*ASSIGNED TASK:*
What you output must match, exactly, the lines from the start of the records to the line containing "#47=VERTEX_POINT('',#46);", both ends kept and pictures excluded.

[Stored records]
******
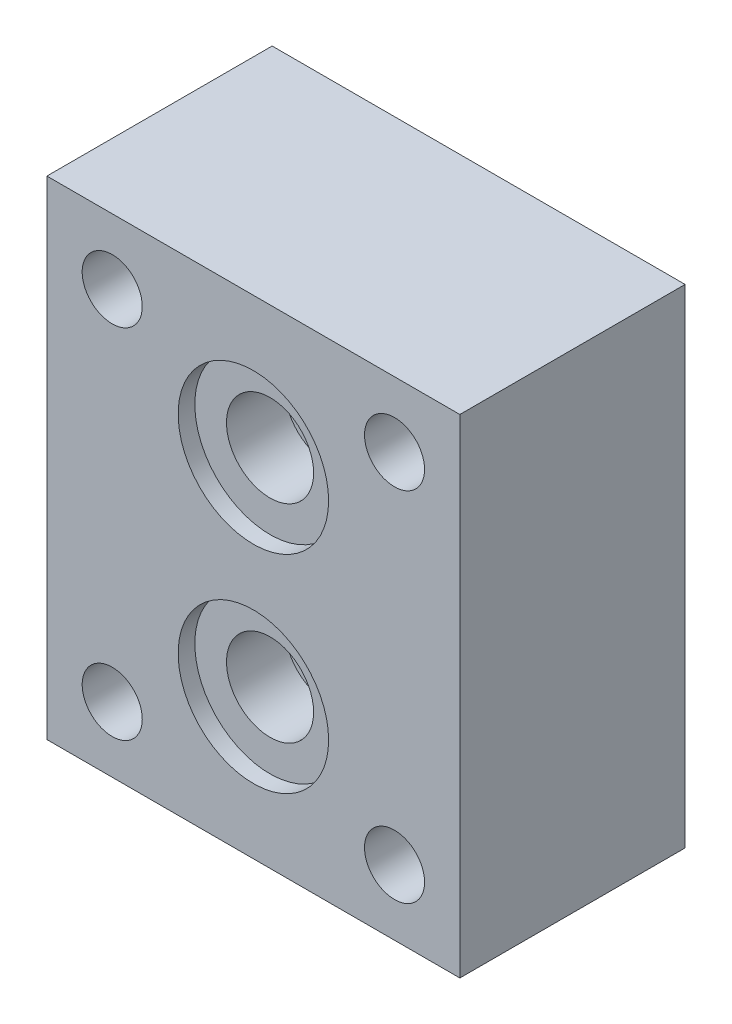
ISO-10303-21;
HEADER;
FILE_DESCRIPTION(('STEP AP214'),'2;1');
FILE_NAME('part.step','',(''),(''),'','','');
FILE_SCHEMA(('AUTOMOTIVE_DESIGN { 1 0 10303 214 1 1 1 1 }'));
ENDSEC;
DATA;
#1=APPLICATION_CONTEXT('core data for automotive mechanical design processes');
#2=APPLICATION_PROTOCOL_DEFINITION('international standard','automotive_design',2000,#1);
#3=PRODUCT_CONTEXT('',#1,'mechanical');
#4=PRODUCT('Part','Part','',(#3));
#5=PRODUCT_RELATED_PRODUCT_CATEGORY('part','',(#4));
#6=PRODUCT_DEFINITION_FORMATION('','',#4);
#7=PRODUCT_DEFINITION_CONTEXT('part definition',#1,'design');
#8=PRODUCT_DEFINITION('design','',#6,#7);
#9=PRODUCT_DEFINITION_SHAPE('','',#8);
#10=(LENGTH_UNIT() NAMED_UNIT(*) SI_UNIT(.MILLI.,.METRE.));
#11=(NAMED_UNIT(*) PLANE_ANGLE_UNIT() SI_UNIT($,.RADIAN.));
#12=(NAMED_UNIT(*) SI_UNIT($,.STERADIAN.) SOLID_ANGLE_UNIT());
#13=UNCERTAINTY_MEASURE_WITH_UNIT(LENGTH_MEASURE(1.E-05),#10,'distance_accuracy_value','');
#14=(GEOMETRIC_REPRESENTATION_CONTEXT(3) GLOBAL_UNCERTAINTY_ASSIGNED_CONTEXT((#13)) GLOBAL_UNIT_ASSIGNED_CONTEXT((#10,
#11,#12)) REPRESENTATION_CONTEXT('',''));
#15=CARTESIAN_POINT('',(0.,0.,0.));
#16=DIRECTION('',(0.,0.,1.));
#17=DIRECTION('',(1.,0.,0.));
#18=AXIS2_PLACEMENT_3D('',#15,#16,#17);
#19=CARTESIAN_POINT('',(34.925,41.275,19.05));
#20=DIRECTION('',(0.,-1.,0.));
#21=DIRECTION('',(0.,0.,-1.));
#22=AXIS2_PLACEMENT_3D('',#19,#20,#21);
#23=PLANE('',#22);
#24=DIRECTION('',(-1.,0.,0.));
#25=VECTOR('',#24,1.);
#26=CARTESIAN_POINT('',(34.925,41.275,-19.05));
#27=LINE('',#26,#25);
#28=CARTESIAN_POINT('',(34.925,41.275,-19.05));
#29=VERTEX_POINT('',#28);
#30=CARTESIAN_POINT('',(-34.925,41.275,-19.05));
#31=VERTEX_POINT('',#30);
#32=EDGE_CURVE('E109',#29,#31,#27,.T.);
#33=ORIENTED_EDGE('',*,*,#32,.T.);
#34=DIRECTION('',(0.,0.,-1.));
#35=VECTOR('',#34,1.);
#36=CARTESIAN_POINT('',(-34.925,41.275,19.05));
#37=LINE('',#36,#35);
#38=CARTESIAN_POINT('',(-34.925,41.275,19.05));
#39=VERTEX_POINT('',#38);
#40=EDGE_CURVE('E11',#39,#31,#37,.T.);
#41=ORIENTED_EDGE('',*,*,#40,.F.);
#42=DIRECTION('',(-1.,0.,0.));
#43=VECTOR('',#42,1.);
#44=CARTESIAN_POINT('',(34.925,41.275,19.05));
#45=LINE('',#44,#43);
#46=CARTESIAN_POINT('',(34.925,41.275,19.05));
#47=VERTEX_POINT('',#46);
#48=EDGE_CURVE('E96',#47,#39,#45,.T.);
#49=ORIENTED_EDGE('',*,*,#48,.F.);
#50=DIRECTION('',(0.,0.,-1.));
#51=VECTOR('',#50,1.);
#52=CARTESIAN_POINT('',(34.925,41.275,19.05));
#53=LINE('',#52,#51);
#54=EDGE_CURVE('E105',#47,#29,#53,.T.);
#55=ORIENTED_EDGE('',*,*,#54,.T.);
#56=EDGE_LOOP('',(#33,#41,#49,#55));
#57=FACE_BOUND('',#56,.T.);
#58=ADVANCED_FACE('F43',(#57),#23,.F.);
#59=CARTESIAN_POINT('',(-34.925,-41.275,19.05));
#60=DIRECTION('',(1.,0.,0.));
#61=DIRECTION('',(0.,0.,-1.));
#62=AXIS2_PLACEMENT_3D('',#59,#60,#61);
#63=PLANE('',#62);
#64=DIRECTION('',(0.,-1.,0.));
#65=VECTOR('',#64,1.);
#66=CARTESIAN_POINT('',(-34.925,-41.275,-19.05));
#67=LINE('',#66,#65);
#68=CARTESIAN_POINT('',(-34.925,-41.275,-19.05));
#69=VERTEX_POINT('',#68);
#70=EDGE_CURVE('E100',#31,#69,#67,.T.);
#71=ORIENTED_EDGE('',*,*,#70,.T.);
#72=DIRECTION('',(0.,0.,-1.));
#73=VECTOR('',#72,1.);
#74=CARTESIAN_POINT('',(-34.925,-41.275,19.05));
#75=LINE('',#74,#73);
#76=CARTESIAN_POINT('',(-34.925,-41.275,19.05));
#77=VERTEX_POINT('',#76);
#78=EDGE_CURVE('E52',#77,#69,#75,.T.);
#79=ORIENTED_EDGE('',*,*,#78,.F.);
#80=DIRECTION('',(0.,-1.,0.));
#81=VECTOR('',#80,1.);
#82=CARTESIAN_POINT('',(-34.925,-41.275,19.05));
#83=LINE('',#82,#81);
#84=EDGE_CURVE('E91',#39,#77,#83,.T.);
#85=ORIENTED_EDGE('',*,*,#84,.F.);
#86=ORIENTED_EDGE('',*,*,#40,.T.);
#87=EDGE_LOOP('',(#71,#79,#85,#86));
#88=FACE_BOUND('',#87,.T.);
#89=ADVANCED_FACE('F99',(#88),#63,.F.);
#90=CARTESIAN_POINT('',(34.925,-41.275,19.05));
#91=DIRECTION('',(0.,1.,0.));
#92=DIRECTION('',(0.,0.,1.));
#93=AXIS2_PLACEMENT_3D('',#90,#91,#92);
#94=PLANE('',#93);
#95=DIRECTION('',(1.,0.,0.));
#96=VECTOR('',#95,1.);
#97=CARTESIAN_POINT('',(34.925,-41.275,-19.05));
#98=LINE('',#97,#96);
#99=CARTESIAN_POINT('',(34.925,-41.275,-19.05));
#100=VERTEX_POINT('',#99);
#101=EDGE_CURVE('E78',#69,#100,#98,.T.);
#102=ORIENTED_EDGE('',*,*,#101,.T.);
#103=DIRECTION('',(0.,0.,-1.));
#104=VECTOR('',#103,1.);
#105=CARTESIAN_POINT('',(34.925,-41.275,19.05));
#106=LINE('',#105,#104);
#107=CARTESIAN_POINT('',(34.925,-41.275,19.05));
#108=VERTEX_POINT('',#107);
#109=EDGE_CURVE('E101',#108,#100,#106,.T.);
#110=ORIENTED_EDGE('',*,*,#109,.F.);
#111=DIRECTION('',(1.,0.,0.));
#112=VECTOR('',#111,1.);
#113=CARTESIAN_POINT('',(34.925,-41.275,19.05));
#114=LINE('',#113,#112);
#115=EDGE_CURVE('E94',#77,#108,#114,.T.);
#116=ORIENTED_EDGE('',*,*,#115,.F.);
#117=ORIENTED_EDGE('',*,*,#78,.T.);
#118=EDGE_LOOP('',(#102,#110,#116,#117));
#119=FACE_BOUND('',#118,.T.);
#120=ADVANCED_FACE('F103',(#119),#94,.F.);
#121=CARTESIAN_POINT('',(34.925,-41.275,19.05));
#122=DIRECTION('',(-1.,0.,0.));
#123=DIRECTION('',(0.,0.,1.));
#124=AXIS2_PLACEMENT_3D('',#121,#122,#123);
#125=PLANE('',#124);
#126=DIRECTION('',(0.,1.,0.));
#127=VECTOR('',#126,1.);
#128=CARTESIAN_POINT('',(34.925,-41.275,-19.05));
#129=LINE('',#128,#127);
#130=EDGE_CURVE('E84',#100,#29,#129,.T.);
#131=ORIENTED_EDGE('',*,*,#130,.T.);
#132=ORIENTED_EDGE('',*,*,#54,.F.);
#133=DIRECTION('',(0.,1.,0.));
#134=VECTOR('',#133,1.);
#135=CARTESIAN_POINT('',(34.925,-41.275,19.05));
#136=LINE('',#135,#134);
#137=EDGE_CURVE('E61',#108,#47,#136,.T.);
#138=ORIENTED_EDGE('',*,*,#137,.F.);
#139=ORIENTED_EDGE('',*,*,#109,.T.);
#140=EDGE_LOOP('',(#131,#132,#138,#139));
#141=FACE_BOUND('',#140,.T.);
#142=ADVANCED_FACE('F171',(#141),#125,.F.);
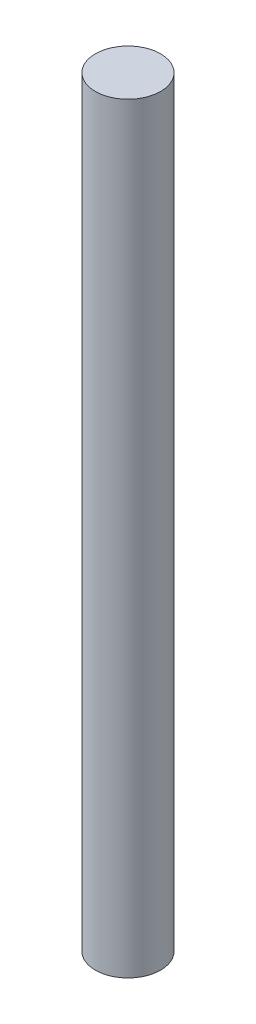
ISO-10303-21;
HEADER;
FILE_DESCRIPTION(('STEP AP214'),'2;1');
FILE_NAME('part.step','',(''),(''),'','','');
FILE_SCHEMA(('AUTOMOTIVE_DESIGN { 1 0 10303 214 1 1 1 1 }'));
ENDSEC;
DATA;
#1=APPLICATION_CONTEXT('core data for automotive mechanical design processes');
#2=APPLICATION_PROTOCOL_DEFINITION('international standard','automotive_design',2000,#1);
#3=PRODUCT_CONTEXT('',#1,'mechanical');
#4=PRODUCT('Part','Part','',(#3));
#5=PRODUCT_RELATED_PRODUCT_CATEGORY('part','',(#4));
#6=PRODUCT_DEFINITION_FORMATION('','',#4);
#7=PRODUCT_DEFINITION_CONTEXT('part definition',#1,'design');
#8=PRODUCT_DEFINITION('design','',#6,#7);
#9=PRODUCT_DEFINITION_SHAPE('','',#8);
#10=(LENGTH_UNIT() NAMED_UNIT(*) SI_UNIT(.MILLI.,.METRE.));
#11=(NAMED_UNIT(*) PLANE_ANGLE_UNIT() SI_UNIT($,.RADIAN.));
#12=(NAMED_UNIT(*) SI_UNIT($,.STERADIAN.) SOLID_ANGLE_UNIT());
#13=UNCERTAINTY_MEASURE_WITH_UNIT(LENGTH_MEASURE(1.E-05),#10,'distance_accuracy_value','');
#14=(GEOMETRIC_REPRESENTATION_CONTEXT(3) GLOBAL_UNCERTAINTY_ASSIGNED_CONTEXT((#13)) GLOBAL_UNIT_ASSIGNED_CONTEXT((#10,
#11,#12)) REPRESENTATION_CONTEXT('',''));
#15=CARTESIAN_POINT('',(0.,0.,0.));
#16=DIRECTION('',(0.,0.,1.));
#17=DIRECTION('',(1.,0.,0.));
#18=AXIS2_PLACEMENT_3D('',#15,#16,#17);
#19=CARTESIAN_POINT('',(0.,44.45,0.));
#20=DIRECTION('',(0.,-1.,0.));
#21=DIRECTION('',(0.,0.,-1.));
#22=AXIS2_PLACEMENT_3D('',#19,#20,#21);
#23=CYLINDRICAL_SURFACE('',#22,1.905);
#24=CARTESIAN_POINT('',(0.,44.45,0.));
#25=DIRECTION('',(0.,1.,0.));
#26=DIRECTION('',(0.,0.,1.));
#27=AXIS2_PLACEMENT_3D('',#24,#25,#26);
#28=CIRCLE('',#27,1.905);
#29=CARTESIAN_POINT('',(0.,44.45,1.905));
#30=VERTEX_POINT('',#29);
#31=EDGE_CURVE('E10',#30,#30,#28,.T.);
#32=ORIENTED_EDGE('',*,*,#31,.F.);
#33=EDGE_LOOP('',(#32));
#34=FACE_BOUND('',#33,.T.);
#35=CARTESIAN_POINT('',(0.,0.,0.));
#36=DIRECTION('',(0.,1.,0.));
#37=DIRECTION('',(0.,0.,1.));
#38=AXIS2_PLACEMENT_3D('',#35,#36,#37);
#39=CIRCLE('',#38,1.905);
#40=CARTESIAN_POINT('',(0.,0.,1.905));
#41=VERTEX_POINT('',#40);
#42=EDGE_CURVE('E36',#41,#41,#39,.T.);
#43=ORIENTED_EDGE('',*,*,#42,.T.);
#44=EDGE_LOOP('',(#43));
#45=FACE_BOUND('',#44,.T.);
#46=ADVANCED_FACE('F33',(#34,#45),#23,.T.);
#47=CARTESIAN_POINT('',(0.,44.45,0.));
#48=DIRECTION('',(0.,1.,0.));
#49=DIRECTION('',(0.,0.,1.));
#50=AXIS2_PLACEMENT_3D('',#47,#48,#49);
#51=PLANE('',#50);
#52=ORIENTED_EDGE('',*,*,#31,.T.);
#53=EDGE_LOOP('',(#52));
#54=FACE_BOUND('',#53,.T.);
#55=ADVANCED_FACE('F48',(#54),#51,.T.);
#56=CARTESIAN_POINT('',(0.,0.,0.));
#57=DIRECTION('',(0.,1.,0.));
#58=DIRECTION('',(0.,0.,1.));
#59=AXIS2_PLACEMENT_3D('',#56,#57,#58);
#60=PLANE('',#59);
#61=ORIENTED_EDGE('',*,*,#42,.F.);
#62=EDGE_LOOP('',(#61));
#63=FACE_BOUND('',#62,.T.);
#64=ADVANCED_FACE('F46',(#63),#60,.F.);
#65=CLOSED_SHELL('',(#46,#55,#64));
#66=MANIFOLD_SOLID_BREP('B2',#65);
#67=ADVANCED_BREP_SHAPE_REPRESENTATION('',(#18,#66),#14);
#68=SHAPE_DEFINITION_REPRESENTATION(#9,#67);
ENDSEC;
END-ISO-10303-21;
******
*SOLUTION FOR THIS EXERCISE:*
ISO-10303-21;
HEADER;
FILE_DESCRIPTION(('STEP AP214'),'2;1');
FILE_NAME('part.step','',(''),(''),'','','');
FILE_SCHEMA(('AUTOMOTIVE_DESIGN { 1 0 10303 214 1 1 1 1 }'));
ENDSEC;
DATA;
#1=APPLICATION_CONTEXT('core data for automotive mechanical design processes');
#2=APPLICATION_PROTOCOL_DEFINITION('international standard','automotive_design',2000,#1);
#3=PRODUCT_CONTEXT('',#1,'mechanical');
#4=PRODUCT('Part','Part','',(#3));
#5=PRODUCT_RELATED_PRODUCT_CATEGORY('part','',(#4));
#6=PRODUCT_DEFINITION_FORMATION('','',#4);
#7=PRODUCT_DEFINITION_CONTEXT('part definition',#1,'design');
#8=PRODUCT_DEFINITION('design','',#6,#7);
#9=PRODUCT_DEFINITION_SHAPE('','',#8);
#10=(LENGTH_UNIT() NAMED_UNIT(*) SI_UNIT(.MILLI.,.METRE.));
#11=(NAMED_UNIT(*) PLANE_ANGLE_UNIT() SI_UNIT($,.RADIAN.));
#12=(NAMED_UNIT(*) SI_UNIT($,.STERADIAN.) SOLID_ANGLE_UNIT());
#13=UNCERTAINTY_MEASURE_WITH_UNIT(LENGTH_MEASURE(1.E-05),#10,'distance_accuracy_value','');
#14=(GEOMETRIC_REPRESENTATION_CONTEXT(3) GLOBAL_UNCERTAINTY_ASSIGNED_CONTEXT((#13)) GLOBAL_UNIT_ASSIGNED_CONTEXT((#10,
#11,#12)) REPRESENTATION_CONTEXT('',''));
#15=CARTESIAN_POINT('',(0.,0.,0.));
#16=DIRECTION('',(0.,0.,1.));
#17=DIRECTION('',(1.,0.,0.));
#18=AXIS2_PLACEMENT_3D('',#15,#16,#17);
#19=CARTESIAN_POINT('',(34.925,41.275,19.05));
#20=DIRECTION('',(0.,-1.,0.));
#21=DIRECTION('',(0.,0.,-1.));
#22=AXIS2_PLACEMENT_3D('',#19,#20,#21);
#23=PLANE('',#22);
#24=DIRECTION('',(-1.,0.,0.));
#25=VECTOR('',#24,1.);
#26=CARTESIAN_POINT('',(34.925,41.275,-19.05));
#27=LINE('',#26,#25);
#28=CARTESIAN_POINT('',(34.925,41.275,-19.05));
#29=VERTEX_POINT('',#28);
#30=CARTESIAN_POINT('',(-34.925,41.275,-19.05));
#31=VERTEX_POINT('',#30);
#32=EDGE_CURVE('E109',#29,#31,#27,.T.);
#33=ORIENTED_EDGE('',*,*,#32,.T.);
#34=DIRECTION('',(0.,0.,-1.));
#35=VECTOR('',#34,1.);
#36=CARTESIAN_POINT('',(-34.925,41.275,19.05));
#37=LINE('',#36,#35);
#38=CARTESIAN_POINT('',(-34.925,41.275,19.05));
#39=VERTEX_POINT('',#38);
#40=EDGE_CURVE('E11',#39,#31,#37,.T.);
#41=ORIENTED_EDGE('',*,*,#40,.F.);
#42=DIRECTION('',(-1.,0.,0.));
#43=VECTOR('',#42,1.);
#44=CARTESIAN_POINT('',(34.925,41.275,19.05));
#45=LINE('',#44,#43);
#46=CARTESIAN_POINT('',(34.925,41.275,19.05));
#47=VERTEX_POINT('',#46);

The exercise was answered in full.